TASK BRIEF ->
Wherever the string "name" appears in the records, return the line that holds it.

(EXTRACTED ENTRIES begins)

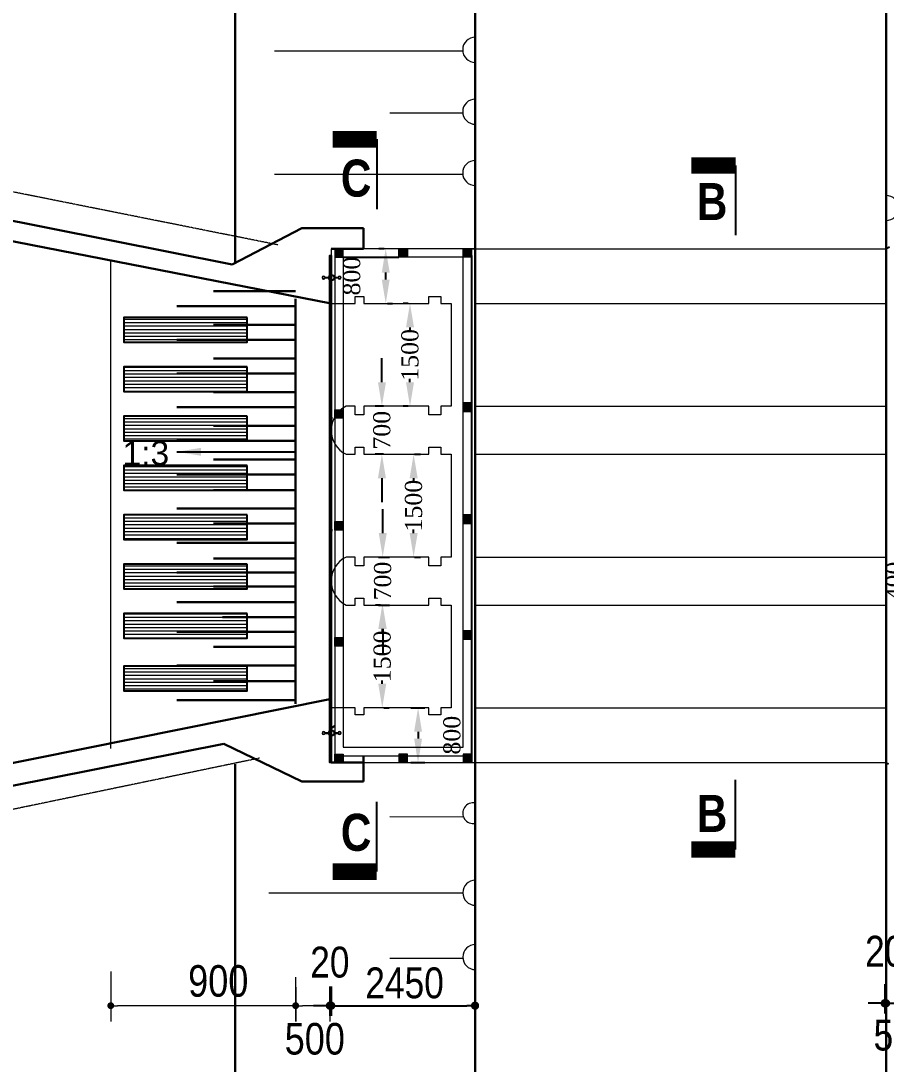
# Model space of a CAD drawing. Extents: x -119161 to 3778985, y -718511 to -30958.
# Drawn here: x 2619757 to 2632390, y -274941 to -259717 of the extents above; entities that cross this region are included whole.
import ezdxf

# ---------------------------------------------------------------- set-up
doc = ezdxf.new("R2010")
doc.units = 0
doc.header["$MEASUREMENT"] = 0
for name, pattern in [('DASHED', [0.75, 0.5, -0.25]), ('DASHED2', [9.525, 6.35, -3.175]), ('DASHEDX2', [38.1, 25.4, -12.7])]:
    doc.linetypes.add(name, pattern=pattern)
doc.layers.get('0').update_dxf_attribs({"linetype": 'CONTINUOUS'})
doc.layers.get('DEFPOINTS').update_dxf_attribs({"linetype": 'CONTINUOUS'})
for name, color, linetype, lineweight in [('Dim', 7, 'CONTINUOUS', 9), ('Dimension', 8, 'CONTINUOUS', 18), ('line2', 3, 'CONTINUOUS', 30), ('Railing', 8, 'CONTINUOUS', 0), ('Ralling', 5, 'CONTINUOUS', 18), ('slop', 8, 'CONTINUOUS', 9)]:
    doc.layers.add(name, color=color, linetype=linetype, lineweight=lineweight)
for name, color, linetype in [('DOTTED', 240, 'DASHED2'), ('LINE', 7, 'CONTINUOUS'), ('P1', 7, 'CONTINUOUS'), ('TEXT', 10, 'CONTINUOUS')]:
    doc.layers.add(name, color=color, linetype=linetype)
doc.styles.add('1-2', font='arial.ttf')
doc.styles.add('DIM', font='isocp3.shx')
doc.styles.add('dimText', font='ARIALN.TTF')
doc.styles.get("Standard").update_dxf_attribs({"font": 'times.ttf', "height": 250})
doc.styles.add('text', font='ARIALN.TTF', dxfattribs={"height": 1.6})
doc.dimstyles.new('3', dxfattribs={"dimtxt": 225, "dimasz": 350, "dimexe": 100, "dimexo": 25, "dimgap": 9, "dimtad": 0, "dimdec": 0, "dimzin": 0, "dimdsep": 46, "dimtxsty": 'Standard', "dimcen": 0, "dimclrt": 256, "dimadec": 0, "dimazin": 0, "dimtfac": 1, "dimtdec": 0, "dimtofl": 0, "dimtmove": 2, "dimatfit": 3, "dimfxl": 1, "dimtolj": 1, "dimtzin": 0, "dimarcsym": 0})
doc.dimstyles.new('dim_230', dxfattribs={"dimtxt": 460, "dimasz": 460, "dimexe": 230, "dimexo": 100, "dimgap": 100, "dimtad": 1, "dimdec": 0, "dimzin": 0, "dimdsep": 46, "dimtxsty": 'dimText', "dimcen": 0.09, "dimclrd": 256, "dimclre": 256, "dimclrt": 7, "dimadec": 0, "dimazin": 0, "dimtfac": 1, "dimtdec": 0, "dimtofl": 0, "dimtmove": 0, "dimatfit": 3, "dimfxl": 1, "dimtolj": 1, "dimtzin": 0, "dimlwd": -1, "dimlwe": -1, "dimarcsym": 0})
doc.dimstyles.new('dim_240', dxfattribs={"dimtxt": 480, "dimasz": 480, "dimexe": 300, "dimexo": 200, "dimgap": 200, "dimtad": 1, "dimdec": 0, "dimzin": 0, "dimdsep": 46, "dimtxsty": 'DIM', "dimcen": 350, "dimclrd": 5, "dimclre": 5, "dimclrt": 7, "dimadec": 0, "dimazin": 0, "dimtfac": 1, "dimtdec": 0, "dimtmove": 0, "dimatfit": 3, "dimfxl": 20, "dimtolj": 1, "dimtzin": 0, "dimarcsym": 0})
pattern_1 = [(7e-15, (2860667.72, 2093181.51), (1e-14, -50), [])]

# ---------------------------------------------------------------- blocks, each defined once
blk = doc.blocks.new('_Dot')
at = {"color": 0, "linetype": 'ByBlock', "lineweight": -2}
blk.add_line((-0.5, 0), (-1, 0), dxfattribs=at)
at = {"color": 0, "linetype": 'ByBlock', "const_width": 0.5}
blk.add_lwpolyline([(-0.25, 0, 1), (0.25, 0, 1)], format="xyb", close=True, dxfattribs=at)
blk = doc.blocks.new('*D1805')
at = {"layer": 'DEFPOINTS', "color": 0, "lineweight": -2}
for p in [(2632389, -273726), (2632889, -273726), (2632389, -274053)]:
    blk.add_point(p, dxfattribs=at)
at = {"layer": 'Dim', "color": 5, "lineweight": -2}
for p, q in [((2632389, -273826), (2632389, -274203)), ((2632889, -273826), (2632889, -274203)), ((2632769, -274053), (2632509, -274053))]:
    blk.add_line(p, q, dxfattribs=at)
at = {"layer": 'Dim', "color": 5, "lineweight": -2, "xscale": 120, "yscale": 120, "zscale": 120, "rotation": 180}
blk.add_blockref('_Dot', (2632389, -274053), dxfattribs=at)
at = {"layer": 'Dim', "color": 5, "lineweight": -2, "xscale": 120, "yscale": 120, "zscale": 120}
blk.add_blockref('_Dot', (2632889, -274053), dxfattribs=at)
at = {"layer": 'Dim', "color": 7, "insert": (2632636, -274520), "char_height": 450, "attachment_point": 5, "style": 'dimText'}
blk.add_mtext('\\A1;500', dxfattribs=at)
blk = doc.blocks.new('*D1806')
at = {"layer": 'DEFPOINTS', "color": 0, "lineweight": -2}
for p in [(2626388, -273401, 0), (2624288, -273717), (2626388, -274088)]:
    blk.add_point(p, dxfattribs=at)
at = {"layer": 'Dim', "color": 5, "lineweight": -2}
for p, q in [((2626388, -273501), (2626388, -274238)), ((2624288, -273817), (2624288, -274238)), ((2624408, -274088), (2626268, -274088))]:
    blk.add_line(p, q, dxfattribs=at)
at = {"layer": 'Dim', "color": 5, "lineweight": -2, "xscale": 120, "yscale": 120, "zscale": 120, "rotation": 180}
blk.add_blockref('_Dot', (2624288, -274088), dxfattribs=at)
at = {"layer": 'Dim', "color": 5, "lineweight": -2, "xscale": 120, "yscale": 120, "zscale": 120}
blk.add_blockref('_Dot', (2626388, -274088), dxfattribs=at)
at = {"layer": 'Dim', "color": 7, "insert": (2625359, -273758), "char_height": 450, "attachment_point": 5, "style": 'dimText'}
blk.add_mtext('\\A1;2450', dxfattribs=at)
blk = doc.blocks.new('*D1807')
at = {"layer": 'DEFPOINTS', "color": 0, "lineweight": -2}
for p in [(2632369, -273674), (2632389, -273674), (2632389, -274053)]:
    blk.add_point(p, dxfattribs=at)
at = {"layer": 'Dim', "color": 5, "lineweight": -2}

(EXTRACTED ENTRIES ends)

OUTPUT FOR THIS EXERCISE ->
for name, pattern in [('DASHED', [0.75, 0.5, -0.25]), ('DASHED2', [9.525, 6.35, -3.175]), ('DASHEDX2', [38.1, 25.4, -12.7])]:
    doc.linetypes.add(name, pattern=pattern)
for name, color, linetype, lineweight in [('Dim', 7, 'CONTINUOUS', 9), ('Dimension', 8, 'CONTINUOUS', 18), ('line2', 3, 'CONTINUOUS', 30), ('Railing', 8, 'CONTINUOUS', 0), ('Ralling', 5, 'CONTINUOUS', 18), ('slop', 8, 'CONTINUOUS', 9)]:
    doc.layers.add(name, color=color, linetype=linetype, lineweight=lineweight)
for name, color, linetype in [('DOTTED', 240, 'DASHED2'), ('LINE', 7, 'CONTINUOUS'), ('P1', 7, 'CONTINUOUS'), ('TEXT', 10, 'CONTINUOUS')]:
    doc.layers.add(name, color=color, linetype=linetype)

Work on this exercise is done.